A Traditional IRA may be a good choice if you:
Roth IRAs offer the power of tax-free compounding of potential earnings making them an alternative for many investors who qualify to make contributions (based on income limits). If holding period requirements are met, all earnings that accumulate in a Roth IRA can be withdrawn on a tax-free basis.
A Roth IRA may be a good choice if you:
To keep your retirement goals on track, use our calculator to estimate how much money you may need and when you can retire.
You may gain flexibility and control by rolling over, converting or consolidating your existing retirement savings plans and accounts.
Individuals often roll over money from their 401(k) or 403(b) plan into an IRA after leaving an employer. To help preserve tax-advantaged growth of earnings and gain better control of your retirement assets, you can rollover retirement savings from workplace plans of former employers into Traditional or Roth IRAs. A rollover of qualified plan assets into an IRA is not your only option. Before deciding whether to keep an existing plan, or roll assets into an IRA, be sure to consider potential benefits and limitations of all options. These include total fees and expenses, range of investment options available, penalty-free withdrawals, availability of services, protection from creditors, RMD planning, and taxation of employer stock. Discuss rollover options with your tax advisor for tax considerations.
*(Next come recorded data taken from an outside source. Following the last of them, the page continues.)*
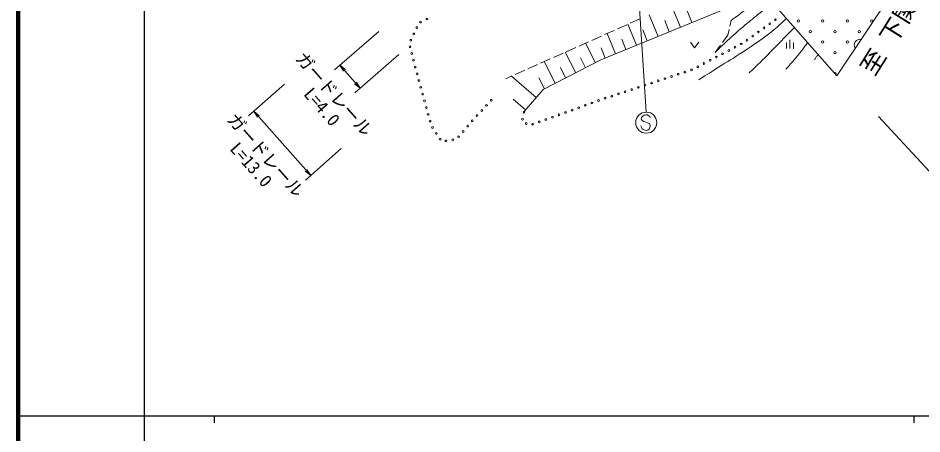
# Model space of a CAD drawing. Units: millimetres at full size, sheet at 1:1000; details may follow other scales. Extents: x 40000 to 680000, y 20000 to 380000.
# Drawn here: x 40000 to 169140, y 202409 to 261832 of the extents above; entities that cross this region are included whole.
import ezdxf
from ezdxf.enums import TextEntityAlignment as Align

# ---------------------------------------------------------------- set-up
doc = ezdxf.new("R2010")
doc.units = ezdxf.units.MM
doc.header["$LTSCALE"] = 1000
for name, color, linetype, lineweight in [('M-BGD', 7, 'Continuous', 13), ('M-STR-HTXT', 7, 'Continuous', 13), ('M-STR-STRC', 7, 'Continuous', 13), ('M-TTL', 2, 'Continuous', 140), ('M-TTL-BAND', 7, 'Continuous', 25)]:
    doc.layers.add(name, color=color, linetype=linetype, lineweight=lineweight)
doc.layers.add('M-BGD-HTXT', color=7, linetype='Continuous')
doc.styles.add('ＭＳ ゴシック', font='')
doc.styles.get('ＭＳ ゴシック').set_extended_font_data('MS Gothic')

# ---------------------------------------------------------------- blocks, each defined once
blk = doc.blocks.new('open_arrow')
at = {"color": 0, "linetype": 'Continuous', "lineweight": -2}
blk.add_lwpolyline([(7.5, 1.25), (0, 0), (7.5, -1.25)], dxfattribs=at)

msp = doc.modelspace()

# ---------------------------------------------------------------- linework, layer by layer
at = {"layer": 'M-BGD'}
for p, q in [((146564, 265422), (156974, 253592)), ((134638, 260527), (133330, 263716)), ((131450, 259219), (130181, 262311)), ((136282, 261202), (135607, 262845)), ((125624, 260278), (126994, 260889)), ((128358, 257950), (127126, 260949)), ((127451, 261092), (128821, 261703)), ((133044, 259873), (132390, 261467)), ((141870, 261497), (141694, 260692)), ((123797, 259464), (125167, 260074)), ((125358, 256718), (124163, 259628)), ((129904, 258584), (129269, 260130)), ((141587, 260204), (141412, 259399)), ((120144, 257835), (121514, 258446)), ((121971, 258649), (123341, 259260)), ((126858, 257334), (126242, 258834)), ((136054, 258380), (136654, 257580)), ((136654, 257580), (137254, 258380)), ((141412, 259399), (140648, 258363)), ((149771, 257471), (149771, 258346)), ((150271, 257471), (150271, 258721)), ((150771, 257471), (150771, 258346)), ((118317, 257020), (119687, 257631)), ((122478, 255458), (121051, 258240)), ((123903, 256121), (123306, 257576)), ((140351, 257961), (139587, 256925)), ((114664, 255392), (116034, 256002)), ((116491, 256206), (117861, 256817)), ((119696, 254031), (118191, 256965)), ((121087, 254744), (120374, 256136)), ((112837, 254577), (114207, 255188)), ((116762, 252526), (115175, 255620)), ((118229, 253279), (117477, 254746)), ((109682, 253170), (110554, 253559)), ((114031, 250476), (110501, 253536)), ((111011, 253763), (112381, 254374)), ((115215, 251733), (114422, 253280)), ((112502, 248711), (110737, 250241))]:
    msp.add_line(p, q, dxfattribs=at)
for points in [[(184364, 291054), (178344, 284166), (173086, 277681), (156974, 253592)], [(112311, 248491), (115045, 251646), (123247, 255852), (146564, 265422)]]:
    msp.add_lwpolyline(points, dxfattribs=at)
for centre, radius in [((97510, 261261), 125), ((98409, 261699), 125), ((147390, 261018), 125), ((148201, 261603), 125), ((151464, 261398), 165), ((154964, 261398), 165), ((158464, 261398), 165), ((161964, 261398), 165), ((96533, 259572), 125), ((96963, 260475), 125), ((145768, 259848), 125), ((146579, 260433), 125), ((153214, 259898), 165), ((156714, 259898), 165), ((160214, 259898), 165), ((96103, 258669), 125), ((144147, 258677), 125), ((144957, 259262), 125), ((154964, 258398), 165), ((158464, 258398), 165), ((96004, 257734), 125), ((141541, 257202), 125), ((142426, 257667), 125), ((143311, 258131), 125), ((156714, 256898), 165), ((96251, 256765), 125), ((96498, 255796), 125), ((138885, 255807), 125), ((139770, 256272), 125), ((140655, 256737), 125), ((96745, 254827), 125), ((136224, 254423), 125), ((137114, 254877), 125), ((137999, 255342), 125), ((97007, 253862), 125), ((132423, 253177), 125), ((133373, 253488), 125), ((134323, 253800), 125), ((135274, 254111), 125), ((97272, 252897), 125), ((97537, 251933), 125), ((128622, 251931), 125), ((129572, 252242), 125), ((130522, 252554), 125), ((131473, 252865), 125), ((97802, 250969), 125), ((124821, 250685), 125), ((125771, 250997), 125), ((126721, 251308), 125), ((127672, 251619), 125), ((98067, 250005), 125), ((106925, 249362), 125), ((107605, 250095), 125), ((121046, 249365), 125), ((121986, 249703), 125), ((122927, 250042), 125), ((123871, 250374), 125), ((98332, 249041), 125), ((98597, 248076), 125), ((105565, 247895), 125), ((106245, 248628), 125), ((112284, 248369), 125), ((117282, 248010), 125), ((118223, 248348), 125), ((119164, 248687), 125), ((120105, 249026), 125), ((98863, 247112), 125), ((104891, 247157), 125), ((112069, 247392), 125), ((112608, 246767), 125), ((113518, 246655), 125), ((114459, 246993), 125), ((115400, 247332), 125), ((116341, 247671), 125), ((99211, 246185), 125), ((99759, 245349), 125), ((103589, 245639), 125), ((104240, 246398), 125), ((100308, 244513), 125), ((101125, 244281), 125), ((102113, 244434), 125), ((102938, 244879), 125)]:
    msp.add_circle(centre, radius, dxfattribs=at)
for centre, radius, start, end in [((160286, 257982), 812, 78.84331, 213.60358), ((156714, 253898), 165, 309.03235, 133.6632)]:
    msp.add_arc(centre, radius, start, end, dxfattribs=at)
for points, knots in [([(141870, 261497), (142767, 262130), (143015, 262322), (143724, 262883), (144889, 263808), (145250, 264180), (146564, 265422)], [0, 0, 0, 0, 1, 1, 1, 2, 2, 2, 2]), ([(139587, 256925), (141142, 258420), (141581, 258822), (142906, 259986), (144766, 261622), (145442, 262119), (147836, 263976)], [0, 0, 0, 0, 1, 1, 1, 2, 2, 2, 2]), ([(137251, 253022), (138629, 253886), (138975, 254103), (140078, 254798), (141422, 255644), (142198, 256081), (143513, 256971), (145286, 258171), (146356, 258752), (147977, 260149), (148693, 260768), (148955, 260986), (149762, 261788)], [0, 0, 0, 0, 1, 1, 1, 2, 2, 2, 3, 3, 3, 4, 4, 4, 4]), ([(144471, 254004), (145907, 255399), (146275, 255760), (147416, 256901), (148797, 258283), (149229, 258735), (150913, 260479)], [0, 0, 0, 0, 1, 1, 1, 2, 2, 2, 2]), ([(149706, 254518), (150769, 255727), (151076, 256047), (151879, 257088), (152248, 257567), (152374, 257727), (152806, 258329)], [0, 0, 0, 0, 1, 1, 1, 2, 2, 2, 2]), ([(153795, 255920), (153916, 256090), (153948, 256136), (154052, 256270), (154155, 256403), (154191, 256446), (154323, 256604)], [0, 0, 0, 0, 1, 1, 1, 2, 2, 2, 2])]:
    msp.add_open_spline(points, degree=3, knots=knots, dxfattribs=at)
at = {"layer": 'M-STR-HTXT'}
for p, q in [((91550, 259930), (85232, 254456)), ((94425, 256611), (88106, 251138)), ((85988, 255111), (88862, 251793)), ((78051, 252377), (72932, 247846)), ((73681, 248509), (81810, 239324)), ((162940, 247752), (170803, 239268)), ((86181, 243192), (81062, 238661))]:
    msp.add_line(p, q, dxfattribs=at)
at = {"layer": 'M-STR-STRC'}
for p, q in [((128348, 270133), (129731, 248387)), ((129459, 247964), (129262, 247825)), ((129708, 248014), (129459, 247964)), ((129882, 247990), (129708, 248014)), ((130098, 247881), (129882, 247990)), ((129069, 247617), (129045, 247446)), ((129045, 247446), (129174, 247173)), ((129262, 247825), (129069, 247617)), ((129174, 247173), (129400, 247063)), ((129400, 247063), (130199, 246780)), ((130263, 247769), (130098, 247881)), ((130199, 246780), (130319, 246521)), ((130314, 247602), (130263, 247769)), ((129049, 246284), (128990, 246449)), ((129175, 246018), (129049, 246284)), ((129330, 245907), (129175, 246018)), ((129549, 245795), (129330, 245907)), ((129730, 245769), (129549, 245795)), ((129981, 245813), (129730, 245769)), ((130168, 245957), (129981, 245813)), ((130274, 246180), (130168, 245957)), ((130319, 246521), (130274, 246180))]:
    msp.add_line(p, q, dxfattribs=at)
msp.add_circle((129756, 246887), 1500, dxfattribs=at)
at = {"layer": 'M-TTL'}
msp.add_line((40000, 380000), (40000, 20000), dxfattribs=at)
at = {"layer": 'M-TTL-BAND'}
for p, q in [((58000, 370000), (58000, 20000)), ((40000, 205000), (579000, 205000)), ((68000, 205000), (68000, 204000)), ((168000, 205000), (168000, 204000))]:
    msp.add_line(p, q, dxfattribs=at)

# ---------------------------------------------------------------- block references
at = {"layer": 'M-STR-HTXT', "xscale": 133, "yscale": 133}
for p, rotation in [((85988, 255111), 310.9), ((88862, 251793), 130.9), ((73681, 248509), 311.5), ((81810, 239324), 131.5)]:
    msp.add_blockref('open_arrow', p, dxfattribs=dict(at, rotation=rotation))

# ---------------------------------------------------------------- texts
at = {"layer": 'M-BGD-HTXT', "style": 'ＭＳ ゴシック'}
msp.add_text('至 下関', height=2566, rotation=57.906, dxfattribs=at).set_placement((164492, 259280), align=Align.MIDDLE_CENTER)
at = {"layer": 'M-STR-HTXT', "style": 'ＭＳ ゴシック'}
for p in [(85155, 250993), (75386, 242266)]:
    msp.add_text('ガードレール', height=1833, rotation=311.512, dxfattribs=at).set_placement(p, align=Align.MIDDLE_CENTER)
for s, rotation, p in [('L=4.0', 310.899, (82308, 248197)), ('L=13.0', 311.512, (72209, 239915))]:
    msp.add_text(s, height=1833, rotation=rotation, dxfattribs=at).set_placement(p, align=Align.BOTTOM_CENTER)

doc.saveas('drawing.dxf')

If you have money accumulated in a Traditional IRA or workplace savings plan, consider converting some or all of those assets to a Roth IRA. At the time of the conversion, taxes are due (at ordinary income tax rates) on all pre-tax contributions and earnings. Once converted to a Roth IRA, all earnings can accumulate on a tax-free basis (if holding period requirements are met), giving you more flexibility to manage your cash flow in retirement.
Keeping track of different IRA accounts with multiple institutions can be a challenge. It may be beneficial to consolidate those assets into a single IRA account. It can make it easier to manage the investments in your IRA and to take voluntary or mandatory distributions from the account in retirement.
Small business owners and self-employed individuals may get tax-advantaged retirement savings opportunities with SEP and SIMPLE-IRAs.
SEP-IRAs help self-employed individuals and small-business owners have access to a tax-deferred vehicle when saving for retirement. The SEP IRA allows you as the business owner to make tax-deductible contributions to an individual retirement account on behalf of each eligible employee (including yourself). Contributions are directed into a Traditional IRA. You have the flexibility to make contributions that may be substantially larger than those allowed in an individually-owned IRA and you can generally take the funds from your SEP plan with you when changing employers.
A SIMPLE IRA lets companies that have 100 or fewer employees offer a tax-advantaged retirement plan, funded by employer contributions and elective employee salary deferrals. You can make pre-tax contributions from your compensation into your account. Employers can also make tax-deductible contributions to each eligible employee’s account.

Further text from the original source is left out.